Liber a écrit: Évidemment, un livre n'est jamais que le miroir de celui qui le lit. On peut casser le miroir, ça ne change rien à ce qu'on est.
Donc pour vous la philosophie est un divertissement comme un autre. On peut en dire ce qu'on veut et ça n'engage à rien.
Liber a écrit: En somme, vous pensez que le lecteur de Nietzsche doit se conformer à Nietzsche, que le miroir doit refléter l'auteur, et non le lecteur.
Je pense qu'il faut un minimum être en conformité avec les principes qu'on se donne ou plutôt qu'on fait mine de se donner et par lesquels on fait la leçon aux autres et on prétend être au-dessus d'eux. Or, dans le cas d'un nietzschéen, rien ne prouve, sinon cette auto-proclamation et auto-célébration de soi, qu'il est à la hauteur de ce qu'il prétend être. Bref, c'est souvent de la frime. Il en va aussi de l'honnêteté intellectuelle. Enfin, il n'est pas cohérent de vouloir être libre et de justifier une pseudo-liberté qui va en réalité à l'encontre de la liberté désirée.
Liber a écrit: Si vous viviez en Irak, vous auriez une kalachnikov comme tout le monde.

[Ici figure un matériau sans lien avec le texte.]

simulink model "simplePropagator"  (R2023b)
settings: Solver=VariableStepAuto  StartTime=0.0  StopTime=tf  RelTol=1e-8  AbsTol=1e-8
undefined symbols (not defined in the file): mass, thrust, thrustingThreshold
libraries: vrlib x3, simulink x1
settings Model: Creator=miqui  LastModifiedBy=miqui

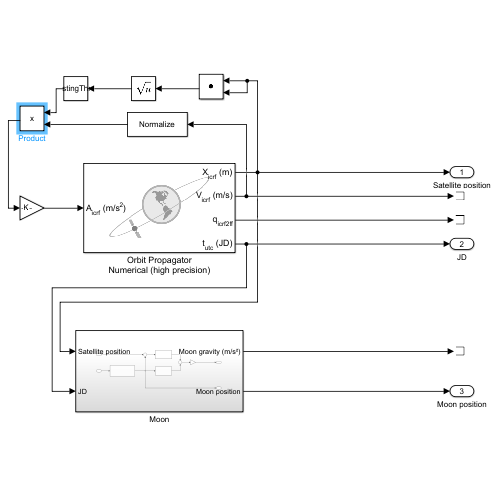
[thumbnail: Simulink's stored preview of the top-level diagram]
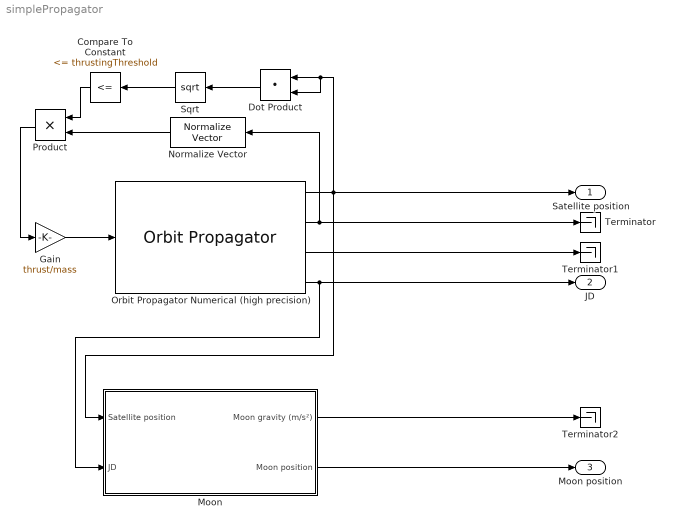
== system simplePropagator ==
  Compare To Constant : simulink/Logic and Bit Operations/Compare To Constant  relop=<=  const=thrustingThreshold  OutDataTypeStr=boolean
  Dot Product : DotProduct  OutDataTypeStr=Inherit: Inherit via internal rule
  Gain : Gain  Gain=thrust/mass
  Moon : Subsystem
  Normalize Vector : vrlib/Utilities/Normalize Vector  maxzero=0
  Orbit Propagator Numerical (high precision) : OrbitPropagator  propagator=Numerical (high precision)  accelIn=on  startDate=startDate  mass=mass  semiMajorAxis=sma  eccentricity=ecc  inclination=inc  raan=RAAN  argPeriapsis=aop  trueAnomaly=true_an  inertialPosition=[3649700.0 3308200.0 -4676600.0]  inertialVelocity=[-2750.8 6666.4 2573.4]  fixedPosition=[-4142689.0 -2676864.7 -4669861.6]  fixedVelocity=[1452.7 -6720.7 2568.1]  gravityModel=Point-mass  customR=3396200  customMu=4.305e13  customJ2=1.0826269e-03  customOmega=4.06125949e-3  useEOPs=off  outputTransform=on  useThirdBodyGravity=on  includeSunGravity=off  useSRP=on  srpArea=area
  Product : Product
  Sqrt : Sqrt
  Terminator : Terminator
  Terminator1 : Terminator
  Terminator2 : Terminator
  Satellite position : Outport
  JD : Outport  Port=2
  Moon position : Outport  Port=3
  wires:
  Orbit Propagator Numerical (high precision)/2 -> Normalize Vector/1, Terminator/1
  Orbit Propagator Numerical (high precision)/3 -> Terminator1/1
  Orbit Propagator Numerical (high precision)/4 -> Moon/2(JD), JD/1
  Moon/2(Moon position) -> Moon position/1
  Moon/1(Moon gravity (m/s²)) -> Terminator2/1
  Gain/1 -> Orbit Propagator Numerical (high precision)/1
  Compare To Constant/1 -> Product/1
  Normalize Vector/1 -> Product/2
  Product/1 -> Gain/1
  Orbit Propagator Numerical (high precision)/1 -> Dot Product/2, Dot Product/1, Moon/1(Satellite position), Satellite position/1
  Dot Product/1 -> Sqrt/1
  Sqrt/1 -> Compare To Constant/1

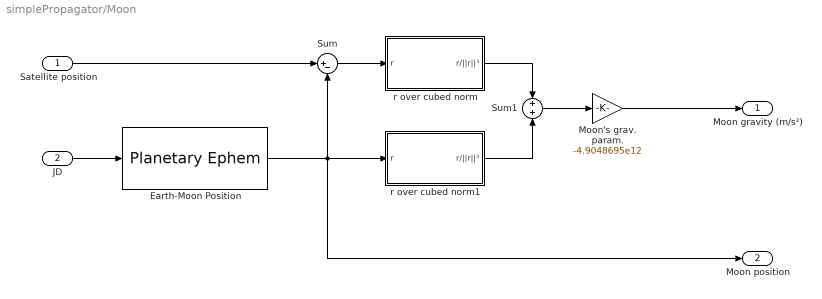
== system simplePropagator/Moon ==
  Satellite position : Inport
  JD : Inport  Port=2
  Earth-Moon Position : PlanetaryEphem  units=m,m/s  useDateRange=on  outputVelocity=off
  Moon's grav. param. : Gain  Gain=-4.9048695e12
  Sum : Sum  Inputs=|+-
  Sum1 : Sum
  r over cubed norm : Subsystem
  r over cubed norm1 : Subsystem
  Moon gravity (m/s²) : Outport
  Moon position : Outport  Port=2
  wires:
  JD/1 -> Earth-Moon Position/1
  Satellite position/1 -> Sum/1
  Earth-Moon Position/1 -> Moon position/1, r over cubed norm1/1(r), Sum/2
  Sum/1 -> r over cubed norm/1(r)
  Sum1/1 -> Moon's grav. param./1
  Moon's grav. param./1 -> Moon gravity (m/s²)/1
  r over cubed norm/1(r/||r||³) -> Sum1/1
  r over cubed norm1/1(r/||r||³) -> Sum1/2

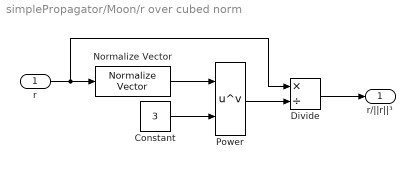
== system simplePropagator/Moon/r over cubed norm ==
  r : Inport
  Constant : Constant  Value=3
  Divide : Product  Inputs=*/
  Normalize Vector : vrlib/Utilities/Normalize Vector  maxzero=0
  Power : Math  Operator=pow
  r/||r||³ : Outport
  wires:
  r/1 -> Divide/1, Normalize Vector/1
  Normalize Vector/1 -> Power/1
  Constant/1 -> Power/2
  Power/1 -> Divide/2
  Divide/1 -> r/||r||³/1

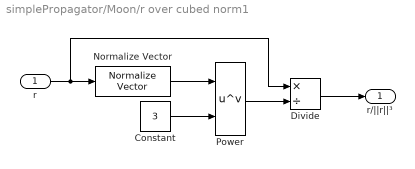
== system simplePropagator/Moon/r over cubed norm1 ==
  r : Inport
  Constant : Constant  Value=3
  Divide : Product  Inputs=*/
  Normalize Vector : vrlib/Utilities/Normalize Vector  maxzero=0
  Power : Math  Operator=pow
  r/||r||³ : Outport
  wires:
  r/1 -> Divide/1, Normalize Vector/1
  Normalize Vector/1 -> Power/1
  Constant/1 -> Power/2
  Power/1 -> Divide/2
  Divide/1 -> r/||r||³/1

Certainement, puisque là-bas c'est la guerre (prolongée). J'ai donc tout à fait le droit, voire le devoir, de me protéger par n'importe quel moyen. Mais il est nécessaire de viser la pacification et l'établissement d'un véritable état de droit (pas que sur le papier). Je comprends donc tout aussi bien quelqu'un qui se bat pour sa survie que celui qui veut que la violence s'arrête. Les deux positions ne sont pas incompatibles puisque l'état de droit devrait garantir l'existence et le bien de celui qui se bat pour sa vie et sa liberté. Cela dit, je ne crois pas que la démocratie s'exporte, surtout quand c'est une pseudo-démocratie (cf. la démocratie représentative).
Liber a écrit: Vous n'êtes pas le sous homme moutonnier que le gouvernement veut vous faire croire, en vous garantissant la sécurité.
Tout à fait, mais en quoi la vie et l'activité s'arrêtent-elles dans un état de droit ? En quoi l'obéissance à la loi fait-elle que je me plie, tel un robot, aux ordres venus d'en haut ? (D'ailleurs, je critique aussi dans le libéralisme toute gouvernementalité qui s'appuie sur la sécurité pour normer et normaliser nos conduites.)